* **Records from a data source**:
::::::

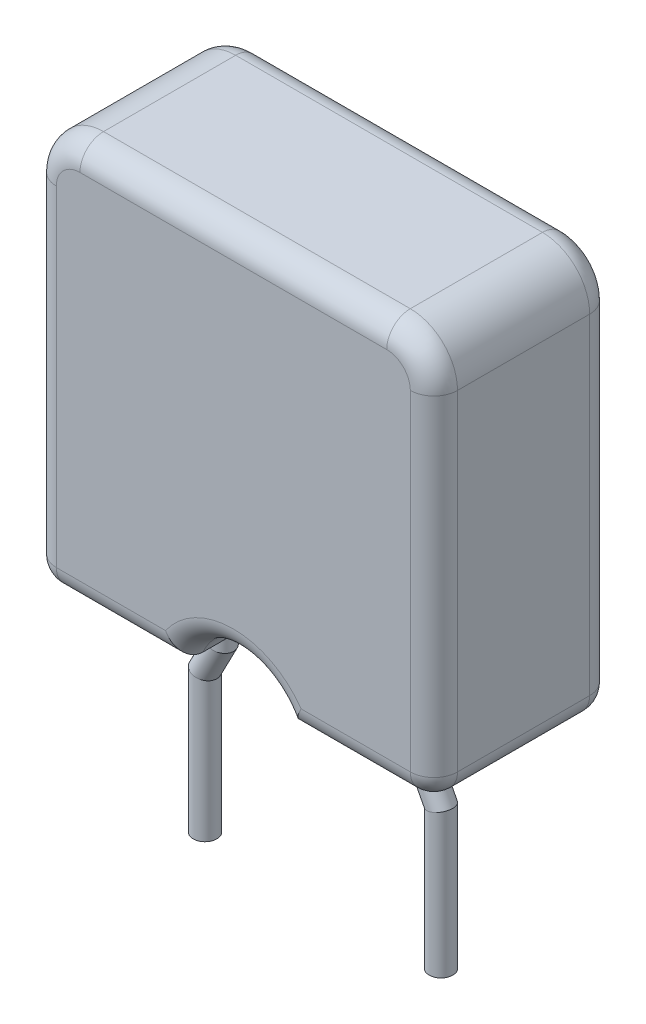
ISO-10303-21;
HEADER;
FILE_DESCRIPTION(('STEP AP214'),'2;1');
FILE_NAME('part.step','',(''),(''),'','','');
FILE_SCHEMA(('AUTOMOTIVE_DESIGN { 1 0 10303 214 1 1 1 1 }'));
ENDSEC;
DATA;
#1=APPLICATION_CONTEXT('core data for automotive mechanical design processes');
#2=APPLICATION_PROTOCOL_DEFINITION('international standard','automotive_design',2000,#1);
#3=PRODUCT_CONTEXT('',#1,'mechanical');
#4=PRODUCT('Part','Part','',(#3));
#5=PRODUCT_RELATED_PRODUCT_CATEGORY('part','',(#4));
#6=PRODUCT_DEFINITION_FORMATION('','',#4);
#7=PRODUCT_DEFINITION_CONTEXT('part definition',#1,'design');
#8=PRODUCT_DEFINITION('design','',#6,#7);
#9=PRODUCT_DEFINITION_SHAPE('','',#8);
#10=(LENGTH_UNIT() NAMED_UNIT(*) SI_UNIT(.MILLI.,.METRE.));
#11=(NAMED_UNIT(*) PLANE_ANGLE_UNIT() SI_UNIT($,.RADIAN.));
#12=(NAMED_UNIT(*) SI_UNIT($,.STERADIAN.) SOLID_ANGLE_UNIT());
#13=UNCERTAINTY_MEASURE_WITH_UNIT(LENGTH_MEASURE(1.E-05),#10,'distance_accuracy_value','');
#14=(GEOMETRIC_REPRESENTATION_CONTEXT(3) GLOBAL_UNCERTAINTY_ASSIGNED_CONTEXT((#13)) GLOBAL_UNIT_ASSIGNED_CONTEXT((#10,
#11,#12)) REPRESENTATION_CONTEXT('',''));
#15=CARTESIAN_POINT('',(0.,0.,0.));
#16=DIRECTION('',(0.,0.,1.));
#17=DIRECTION('',(1.,0.,0.));
#18=AXIS2_PLACEMENT_3D('',#15,#16,#17);
#19=CARTESIAN_POINT('',(-4.25,-4.25,3.8));
#20=DIRECTION('',(0.,1.,0.));
#21=DIRECTION('',(0.,0.,1.));
#22=AXIS2_PLACEMENT_3D('',#19,#20,#21);
#23=PLANE('',#22);
#24=CARTESIAN_POINT('',(-2.14564392373896,-4.25,1.9));
#25=DIRECTION('',(0.,1.,0.));
#26=DIRECTION('',(0.,0.,1.));
#27=AXIS2_PLACEMENT_3D('',#24,#25,#26);
#28=CIRCLE('',#27,0.25);
#29=CARTESIAN_POINT('',(-2.14564392373896,-4.25,2.15));
#30=VERTEX_POINT('',#29);
#31=EDGE_CURVE('E76',#30,#30,#28,.F.);
#32=ORIENTED_EDGE('',*,*,#31,.F.);
#33=EDGE_LOOP('',(#32));
#34=FACE_BOUND('',#33,.T.);
#35=DIRECTION('',(0.,0.,-1.));
#36=VECTOR('',#35,1.);
#37=CARTESIAN_POINT('',(-3.75,-4.25,3.8));
#38=LINE('',#37,#36);
#39=CARTESIAN_POINT('',(-3.75,-4.25,3.3));
#40=VERTEX_POINT('',#39);
#41=CARTESIAN_POINT('',(-3.75,-4.25,0.5));
#42=VERTEX_POINT('',#41);
#43=EDGE_CURVE('E491',#40,#42,#38,.T.);
#44=ORIENTED_EDGE('',*,*,#43,.T.);
#45=DIRECTION('',(1.,0.,0.));
#46=VECTOR('',#45,1.);
#47=CARTESIAN_POINT('',(-1.14564392373896,-4.25,0.5));
#48=LINE('',#47,#46);
#49=CARTESIAN_POINT('',(-1.14564392373896,-4.25,0.5));
#50=VERTEX_POINT('',#49);
#51=EDGE_CURVE('E262',#42,#50,#48,.T.);
#52=ORIENTED_EDGE('',*,*,#51,.T.);
#53=DIRECTION('',(0.,0.,1.));
#54=VECTOR('',#53,1.);
#55=CARTESIAN_POINT('',(-1.14564392373896,-4.25,0.));
#56=LINE('',#55,#54);
#57=CARTESIAN_POINT('',(-1.14564392373896,-4.25,3.3));
#58=VERTEX_POINT('',#57);
#59=EDGE_CURVE('E466',#50,#58,#56,.T.);
#60=ORIENTED_EDGE('',*,*,#59,.T.);
#61=DIRECTION('',(1.,0.,0.));
#62=VECTOR('',#61,1.);
#63=CARTESIAN_POINT('',(-4.25,-4.25,3.3));
#64=LINE('',#63,#62);
#65=EDGE_CURVE('E259',#58,#40,#64,.F.);
#66=ORIENTED_EDGE('',*,*,#65,.T.);
#67=EDGE_LOOP('',(#44,#52,#60,#66));
#68=FACE_BOUND('',#67,.T.);
#69=ADVANCED_FACE('F67',(#34,#68),#23,.F.);
#70=CARTESIAN_POINT('',(4.25,-4.25,3.8));
#71=DIRECTION('',(-1.,0.,0.));
#72=DIRECTION('',(0.,0.,1.));
#73=AXIS2_PLACEMENT_3D('',#70,#71,#72);
#74=PLANE('',#73);
#75=DIRECTION('',(0.,0.,-1.));
#76=VECTOR('',#75,1.);
#77=CARTESIAN_POINT('',(4.25,-3.75,3.8));
#78=LINE('',#77,#76);
#79=CARTESIAN_POINT('',(4.25,-3.75,3.3));
#80=VERTEX_POINT('',#79);
#81=CARTESIAN_POINT('',(4.25,-3.75,0.5));
#82=VERTEX_POINT('',#81);
#83=EDGE_CURVE('E480',#80,#82,#78,.T.);
#84=ORIENTED_EDGE('',*,*,#83,.T.);
#85=DIRECTION('',(0.,1.,0.));
#86=VECTOR('',#85,1.);
#87=CARTESIAN_POINT('',(4.25,3.25,0.5));
#88=LINE('',#87,#86);
#89=CARTESIAN_POINT('',(4.25,3.25,0.5));
#90=VERTEX_POINT('',#89);
#91=EDGE_CURVE('E287',#82,#90,#88,.T.);
#92=ORIENTED_EDGE('',*,*,#91,.T.);
#93=DIRECTION('',(0.,0.,-1.));
#94=VECTOR('',#93,1.);
#95=CARTESIAN_POINT('',(4.25,3.25,3.8));
#96=LINE('',#95,#94);
#97=CARTESIAN_POINT('',(4.25,3.25,3.3));
#98=VERTEX_POINT('',#97);
#99=EDGE_CURVE('E495',#90,#98,#96,.F.);
#100=ORIENTED_EDGE('',*,*,#99,.T.);
#101=DIRECTION('',(0.,1.,0.));
#102=VECTOR('',#101,1.);
#103=CARTESIAN_POINT('',(4.25,-4.25,3.3));
#104=LINE('',#103,#102);
#105=EDGE_CURVE('E284',#98,#80,#104,.F.);
#106=ORIENTED_EDGE('',*,*,#105,.T.);
#107=EDGE_LOOP('',(#84,#92,#100,#106));
#108=FACE_BOUND('',#107,.T.);
#109=ADVANCED_FACE('F429',(#108),#74,.F.);
#110=CARTESIAN_POINT('',(-4.25,4.25,3.8));
#111=DIRECTION('',(0.,-1.,0.));
#112=DIRECTION('',(0.,0.,-1.));
#113=AXIS2_PLACEMENT_3D('',#110,#111,#112);
#114=PLANE('',#113);
#115=DIRECTION('',(0.,0.,-1.));
#116=VECTOR('',#115,1.);
#117=CARTESIAN_POINT('',(3.25,4.25,3.8));
#118=LINE('',#117,#116);
#119=CARTESIAN_POINT('',(3.25,4.25,3.3));
#120=VERTEX_POINT('',#119);
#121=CARTESIAN_POINT('',(3.25,4.25,0.5));
#122=VERTEX_POINT('',#121);
#123=EDGE_CURVE('E532',#120,#122,#118,.T.);
#124=ORIENTED_EDGE('',*,*,#123,.T.);
#125=DIRECTION('',(-1.,0.,0.));
#126=VECTOR('',#125,1.);
#127=CARTESIAN_POINT('',(-3.25,4.25,0.5));
#128=LINE('',#127,#126);
#129=CARTESIAN_POINT('',(-3.25,4.25,0.5));
#130=VERTEX_POINT('',#129);
#131=EDGE_CURVE('E239',#122,#130,#128,.T.);
#132=ORIENTED_EDGE('',*,*,#131,.T.);
#133=DIRECTION('',(0.,0.,-1.));
#134=VECTOR('',#133,1.);
#135=CARTESIAN_POINT('',(-3.25,4.25,3.8));
#136=LINE('',#135,#134);
#137=CARTESIAN_POINT('',(-3.25,4.25,3.3));
#138=VERTEX_POINT('',#137);
#139=EDGE_CURVE('E536',#130,#138,#136,.F.);
#140=ORIENTED_EDGE('',*,*,#139,.T.);
#141=DIRECTION('',(-1.,0.,0.));
#142=VECTOR('',#141,1.);
#143=CARTESIAN_POINT('',(-4.25,4.25,3.3));
#144=LINE('',#143,#142);
#145=EDGE_CURVE('E236',#138,#120,#144,.F.);
#146=ORIENTED_EDGE('',*,*,#145,.T.);
#147=EDGE_LOOP('',(#124,#132,#140,#146));
#148=FACE_BOUND('',#147,.T.);
#149=ADVANCED_FACE('F436',(#148),#114,.F.);
#150=CARTESIAN_POINT('',(-4.25,-4.25,3.8));
#151=DIRECTION('',(1.,0.,0.));
#152=DIRECTION('',(0.,0.,-1.));
#153=AXIS2_PLACEMENT_3D('',#150,#151,#152);
#154=PLANE('',#153);
#155=DIRECTION('',(0.,0.,-1.));
#156=VECTOR('',#155,1.);
#157=CARTESIAN_POINT('',(-4.25,3.25,3.8));
#158=LINE('',#157,#156);
#159=CARTESIAN_POINT('',(-4.25,3.25,3.3));
#160=VERTEX_POINT('',#159);
#161=CARTESIAN_POINT('',(-4.25,3.25,0.5));
#162=VERTEX_POINT('',#161);
#163=EDGE_CURVE('E487',#160,#162,#158,.T.);
#164=ORIENTED_EDGE('',*,*,#163,.T.);
#165=DIRECTION('',(0.,-1.,0.));
#166=VECTOR('',#165,1.);
#167=CARTESIAN_POINT('',(-4.25,-3.75,0.5));
#168=LINE('',#167,#166);
#169=CARTESIAN_POINT('',(-4.25,-3.75,0.5));
#170=VERTEX_POINT('',#169);
#171=EDGE_CURVE('E250',#162,#170,#168,.T.);
#172=ORIENTED_EDGE('',*,*,#171,.T.);
#173=DIRECTION('',(0.,0.,-1.));
#174=VECTOR('',#173,1.);
#175=CARTESIAN_POINT('',(-4.25,-3.75,3.8));
#176=LINE('',#175,#174);
#177=CARTESIAN_POINT('',(-4.25,-3.75,3.3));
#178=VERTEX_POINT('',#177);
#179=EDGE_CURVE('E216',#170,#178,#176,.F.);
#180=ORIENTED_EDGE('',*,*,#179,.T.);
#181=DIRECTION('',(0.,-1.,0.));
#182=VECTOR('',#181,1.);
#183=CARTESIAN_POINT('',(-4.25,-4.25,3.3));
#184=LINE('',#183,#182);
#185=EDGE_CURVE('E247',#178,#160,#184,.F.);
#186=ORIENTED_EDGE('',*,*,#185,.T.);
#187=EDGE_LOOP('',(#164,#172,#180,#186));
#188=FACE_BOUND('',#187,.T.);
#189=ADVANCED_FACE('F445',(#188),#154,.F.);
#190=CARTESIAN_POINT('',(2.14564392373896,-4.25,1.9));
#191=DIRECTION('',(0.,1.,0.));
#192=DIRECTION('',(0.,0.,1.));
#193=AXIS2_PLACEMENT_3D('',#190,#191,#192);
#194=CIRCLE('',#193,0.25);
#195=CARTESIAN_POINT('',(2.14564392373896,-4.25,2.15));
#196=VERTEX_POINT('',#195);
#197=EDGE_CURVE('E12',#196,#196,#194,.F.);
#198=ORIENTED_EDGE('',*,*,#197,.F.);
#199=EDGE_LOOP('',(#198));
#200=FACE_BOUND('',#199,.T.);
#201=DIRECTION('',(0.,0.,1.));
#202=VECTOR('',#201,1.);
#203=CARTESIAN_POINT('',(1.14564392373896,-4.25,0.));
#204=LINE('',#203,#202);
#205=CARTESIAN_POINT('',(1.14564392373896,-4.25,3.3));
#206=VERTEX_POINT('',#205);
#207=CARTESIAN_POINT('',(1.14564392373896,-4.25,0.5));
#208=VERTEX_POINT('',#207);
#209=EDGE_CURVE('E457',#206,#208,#204,.F.);
#210=ORIENTED_EDGE('',*,*,#209,.T.);
#211=DIRECTION('',(1.,0.,0.));
#212=VECTOR('',#211,1.);
#213=CARTESIAN_POINT('',(3.75,-4.25,0.5));
#214=LINE('',#213,#212);
#215=CARTESIAN_POINT('',(3.75,-4.25,0.5));
#216=VERTEX_POINT('',#215);
#217=EDGE_CURVE('E275',#208,#216,#214,.T.);
#218=ORIENTED_EDGE('',*,*,#217,.T.);
#219=DIRECTION('',(0.,0.,-1.));
#220=VECTOR('',#219,1.);
#221=CARTESIAN_POINT('',(3.75,-4.25,3.8));
#222=LINE('',#221,#220);
#223=CARTESIAN_POINT('',(3.75,-4.25,3.3));
#224=VERTEX_POINT('',#223);
#225=EDGE_CURVE('E482',#216,#224,#222,.F.);
#226=ORIENTED_EDGE('',*,*,#225,.T.);
#227=DIRECTION('',(1.,0.,0.));
#228=VECTOR('',#227,1.);
#229=CARTESIAN_POINT('',(-4.25,-4.25,3.3));
#230=LINE('',#229,#228);
#231=EDGE_CURVE('E272',#224,#206,#230,.F.);
#232=ORIENTED_EDGE('',*,*,#231,.T.);
#233=EDGE_LOOP('',(#210,#218,#226,#232));
#234=FACE_BOUND('',#233,.T.);
#235=ADVANCED_FACE('F432',(#200,#234),#23,.F.);
#236=CARTESIAN_POINT('',(0.,0.,3.8));
#237=DIRECTION('',(0.,0.,-1.));
#238=DIRECTION('',(-1.,0.,0.));
#239=AXIS2_PLACEMENT_3D('',#236,#237,#238);
#240=PLANE('',#239);
#241=DIRECTION('',(1.,0.,0.));
#242=VECTOR('',#241,1.);
#243=CARTESIAN_POINT('',(0.,-3.75,3.8));
#244=LINE('',#243,#242);
#245=CARTESIAN_POINT('',(-3.75,-3.75,3.8));
#246=VERTEX_POINT('',#245);
#247=CARTESIAN_POINT('',(-1.43614066163451,-3.75,3.8));
#248=VERTEX_POINT('',#247);
#249=EDGE_CURVE('E83',#246,#248,#244,.T.);
#250=ORIENTED_EDGE('',*,*,#249,.T.);
#251=CARTESIAN_POINT('',(0.,-4.75,3.8));
#252=DIRECTION('',(0.,0.,-1.));
#253=DIRECTION('',(-1.,0.,0.));
#254=AXIS2_PLACEMENT_3D('',#251,#252,#253);
#255=CIRCLE('',#254,1.75);
#256=CARTESIAN_POINT('',(1.43614066163451,-3.75,3.8));
#257=VERTEX_POINT('',#256);
#258=EDGE_CURVE('E308',#248,#257,#255,.T.);
#259=ORIENTED_EDGE('',*,*,#258,.T.);
#260=DIRECTION('',(1.,0.,0.));
#261=VECTOR('',#260,1.);
#262=CARTESIAN_POINT('',(0.,-3.75,3.8));
#263=LINE('',#262,#261);
#264=CARTESIAN_POINT('',(3.75,-3.75,3.8));
#265=VERTEX_POINT('',#264);
#266=EDGE_CURVE('E290',#257,#265,#263,.T.);
#267=ORIENTED_EDGE('',*,*,#266,.T.);
#268=DIRECTION('',(0.,1.,0.));
#269=VECTOR('',#268,1.);
#270=CARTESIAN_POINT('',(3.75,0.,3.8));
#271=LINE('',#270,#269);
#272=CARTESIAN_POINT('',(3.75,3.25,3.8));
#273=VERTEX_POINT('',#272);
#274=EDGE_CURVE('E293',#265,#273,#271,.T.);
#275=ORIENTED_EDGE('',*,*,#274,.T.);
#276=CARTESIAN_POINT('',(3.25,3.25,3.8));
#277=DIRECTION('',(0.,0.,-1.));
#278=DIRECTION('',(-1.,0.,0.));
#279=AXIS2_PLACEMENT_3D('',#276,#277,#278);
#280=CIRCLE('',#279,0.5);
#281=CARTESIAN_POINT('',(3.25,3.75,3.8));
#282=VERTEX_POINT('',#281);
#283=EDGE_CURVE('E296',#273,#282,#280,.F.);
#284=ORIENTED_EDGE('',*,*,#283,.T.);
#285=DIRECTION('',(-1.,0.,0.));
#286=VECTOR('',#285,1.);
#287=CARTESIAN_POINT('',(0.,3.75,3.8));
#288=LINE('',#287,#286);
#289=CARTESIAN_POINT('',(-3.25,3.75,3.8));
#290=VERTEX_POINT('',#289);
#291=EDGE_CURVE('E299',#282,#290,#288,.T.);
#292=ORIENTED_EDGE('',*,*,#291,.T.);
#293=CARTESIAN_POINT('',(-3.25,3.25,3.8));
#294=DIRECTION('',(0.,0.,-1.));
#295=DIRECTION('',(-1.,0.,0.));
#296=AXIS2_PLACEMENT_3D('',#293,#294,#295);
#297=CIRCLE('',#296,0.5);
#298=CARTESIAN_POINT('',(-3.75,3.25,3.8));
#299=VERTEX_POINT('',#298);
#300=EDGE_CURVE('E302',#290,#299,#297,.F.);
#301=ORIENTED_EDGE('',*,*,#300,.T.);
#302=DIRECTION('',(0.,-1.,0.));
#303=VECTOR('',#302,1.);
#304=CARTESIAN_POINT('',(-3.75,0.,3.8));
#305=LINE('',#304,#303);
#306=EDGE_CURVE('E88',#299,#246,#305,.T.);
#307=ORIENTED_EDGE('',*,*,#306,.T.);
#308=EDGE_LOOP('',(#250,#259,#267,#275,#284,#292,#301,#307));
#309=FACE_BOUND('',#308,.T.);
#310=ADVANCED_FACE('F444',(#309),#240,.F.);
#311=CARTESIAN_POINT('',(0.,0.,0.));
#312=DIRECTION('',(0.,0.,-1.));
#313=DIRECTION('',(-1.,0.,0.));
#314=AXIS2_PLACEMENT_3D('',#311,#312,#313);
#315=PLANE('',#314);
#316=DIRECTION('',(-1.,0.,0.));
#317=VECTOR('',#316,1.);
#318=CARTESIAN_POINT('',(3.25,3.75,0.));
#319=LINE('',#318,#317);
#320=CARTESIAN_POINT('',(-3.25,3.75,0.));
#321=VERTEX_POINT('',#320);
#322=CARTESIAN_POINT('',(3.25,3.75,0.));
#323=VERTEX_POINT('',#322);
#324=EDGE_CURVE('E220',#321,#323,#319,.F.);
#325=ORIENTED_EDGE('',*,*,#324,.T.);
#326=CARTESIAN_POINT('',(3.25,3.25,0.));
#327=DIRECTION('',(0.,0.,-1.));
#328=DIRECTION('',(-1.,0.,0.));
#329=AXIS2_PLACEMENT_3D('',#326,#327,#328);
#330=CIRCLE('',#329,0.5);
#331=CARTESIAN_POINT('',(3.75,3.25,0.));
#332=VERTEX_POINT('',#331);
#333=EDGE_CURVE('E198',#323,#332,#330,.T.);
#334=ORIENTED_EDGE('',*,*,#333,.T.);
#335=DIRECTION('',(0.,1.,0.));
#336=VECTOR('',#335,1.);
#337=CARTESIAN_POINT('',(3.75,-3.75,0.));
#338=LINE('',#337,#336);
#339=CARTESIAN_POINT('',(3.75,-3.75,0.));
#340=VERTEX_POINT('',#339);
#341=EDGE_CURVE('E208',#332,#340,#338,.F.);
#342=ORIENTED_EDGE('',*,*,#341,.T.);
#343=DIRECTION('',(1.,0.,0.));
#344=VECTOR('',#343,1.);
#345=CARTESIAN_POINT('',(1.14564392373896,-3.75,0.));
#346=LINE('',#345,#344);
#347=CARTESIAN_POINT('',(1.43614066163451,-3.75,0.));
#348=VERTEX_POINT('',#347);
#349=EDGE_CURVE('E215',#340,#348,#346,.F.);
#350=ORIENTED_EDGE('',*,*,#349,.T.);
#351=CARTESIAN_POINT('',(0.,-4.75,0.));
#352=DIRECTION('',(0.,0.,-1.));
#353=DIRECTION('',(-1.,0.,0.));
#354=AXIS2_PLACEMENT_3D('',#351,#352,#353);
#355=CIRCLE('',#354,1.75);
#356=CARTESIAN_POINT('',(-1.43614066163451,-3.75,0.));
#357=VERTEX_POINT('',#356);
#358=EDGE_CURVE('E470',#348,#357,#355,.F.);
#359=ORIENTED_EDGE('',*,*,#358,.T.);
#360=DIRECTION('',(1.,0.,0.));
#361=VECTOR('',#360,1.);
#362=CARTESIAN_POINT('',(-3.75,-3.75,0.));
#363=LINE('',#362,#361);
#364=CARTESIAN_POINT('',(-3.75,-3.75,0.));
#365=VERTEX_POINT('',#364);
#366=EDGE_CURVE('E509',#357,#365,#363,.F.);
#367=ORIENTED_EDGE('',*,*,#366,.T.);
#368=DIRECTION('',(0.,-1.,0.));
#369=VECTOR('',#368,1.);
#370=CARTESIAN_POINT('',(-3.75,3.25,0.));
#371=LINE('',#370,#369);
#372=CARTESIAN_POINT('',(-3.75,3.25,0.));
#373=VERTEX_POINT('',#372);
#374=EDGE_CURVE('E512',#365,#373,#371,.F.);
#375=ORIENTED_EDGE('',*,*,#374,.T.);
#376=CARTESIAN_POINT('',(-3.25,3.25,0.));
#377=DIRECTION('',(0.,0.,-1.));
#378=DIRECTION('',(-1.,0.,0.));
#379=AXIS2_PLACEMENT_3D('',#376,#377,#378);
#380=CIRCLE('',#379,0.5);
#381=EDGE_CURVE('E230',#373,#321,#380,.T.);
#382=ORIENTED_EDGE('',*,*,#381,.T.);
#383=EDGE_LOOP('',(#325,#334,#342,#350,#359,#367,#375,#382));
#384=FACE_BOUND('',#383,.T.);
#385=ADVANCED_FACE('F218',(#384),#315,.T.);
#386=CARTESIAN_POINT('',(0.,-4.75,0.));
#387=DIRECTION('',(0.,0.,1.));
#388=DIRECTION('',(1.,0.,0.));
#389=AXIS2_PLACEMENT_3D('',#386,#387,#388);
#390=CYLINDRICAL_SURFACE('',#389,1.25);
#391=ORIENTED_EDGE('',*,*,#59,.F.);
#392=CARTESIAN_POINT('',(0.,-4.75,0.5));
#393=DIRECTION('',(0.,0.,-1.));
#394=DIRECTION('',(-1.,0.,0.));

::::::

* **How to complete this task**:
Only the lines above from the line with "#249=EDGE_CURVE('E83',#246,#248,#244,.T.);" to the line with "#276=CARTESIAN_POINT('',(3.25,3.25,3.8));", those two lines included, should be reproduced exactly.

* **Your solution**:
#249=EDGE_CURVE('E83',#246,#248,#244,.T.);
#250=ORIENTED_EDGE('',*,*,#249,.T.);
#251=CARTESIAN_POINT('',(0.,-4.75,3.8));
#252=DIRECTION('',(0.,0.,-1.));
#253=DIRECTION('',(-1.,0.,0.));
#254=AXIS2_PLACEMENT_3D('',#251,#252,#253);
#255=CIRCLE('',#254,1.75);
#256=CARTESIAN_POINT('',(1.43614066163451,-3.75,3.8));
#257=VERTEX_POINT('',#256);
#258=EDGE_CURVE('E308',#248,#257,#255,.T.);
#259=ORIENTED_EDGE('',*,*,#258,.T.);
#260=DIRECTION('',(1.,0.,0.));
#261=VECTOR('',#260,1.);
#262=CARTESIAN_POINT('',(0.,-3.75,3.8));
#263=LINE('',#262,#261);
#264=CARTESIAN_POINT('',(3.75,-3.75,3.8));
#265=VERTEX_POINT('',#264);
#266=EDGE_CURVE('E290',#257,#265,#263,.T.);
#267=ORIENTED_EDGE('',*,*,#266,.T.);
#268=DIRECTION('',(0.,1.,0.));
#269=VECTOR('',#268,1.);
#270=CARTESIAN_POINT('',(3.75,0.,3.8));
#271=LINE('',#270,#269);
#272=CARTESIAN_POINT('',(3.75,3.25,3.8));
#273=VERTEX_POINT('',#272);
#274=EDGE_CURVE('E293',#265,#273,#271,.T.);
#275=ORIENTED_EDGE('',*,*,#274,.T.);
#276=CARTESIAN_POINT('',(3.25,3.25,3.8));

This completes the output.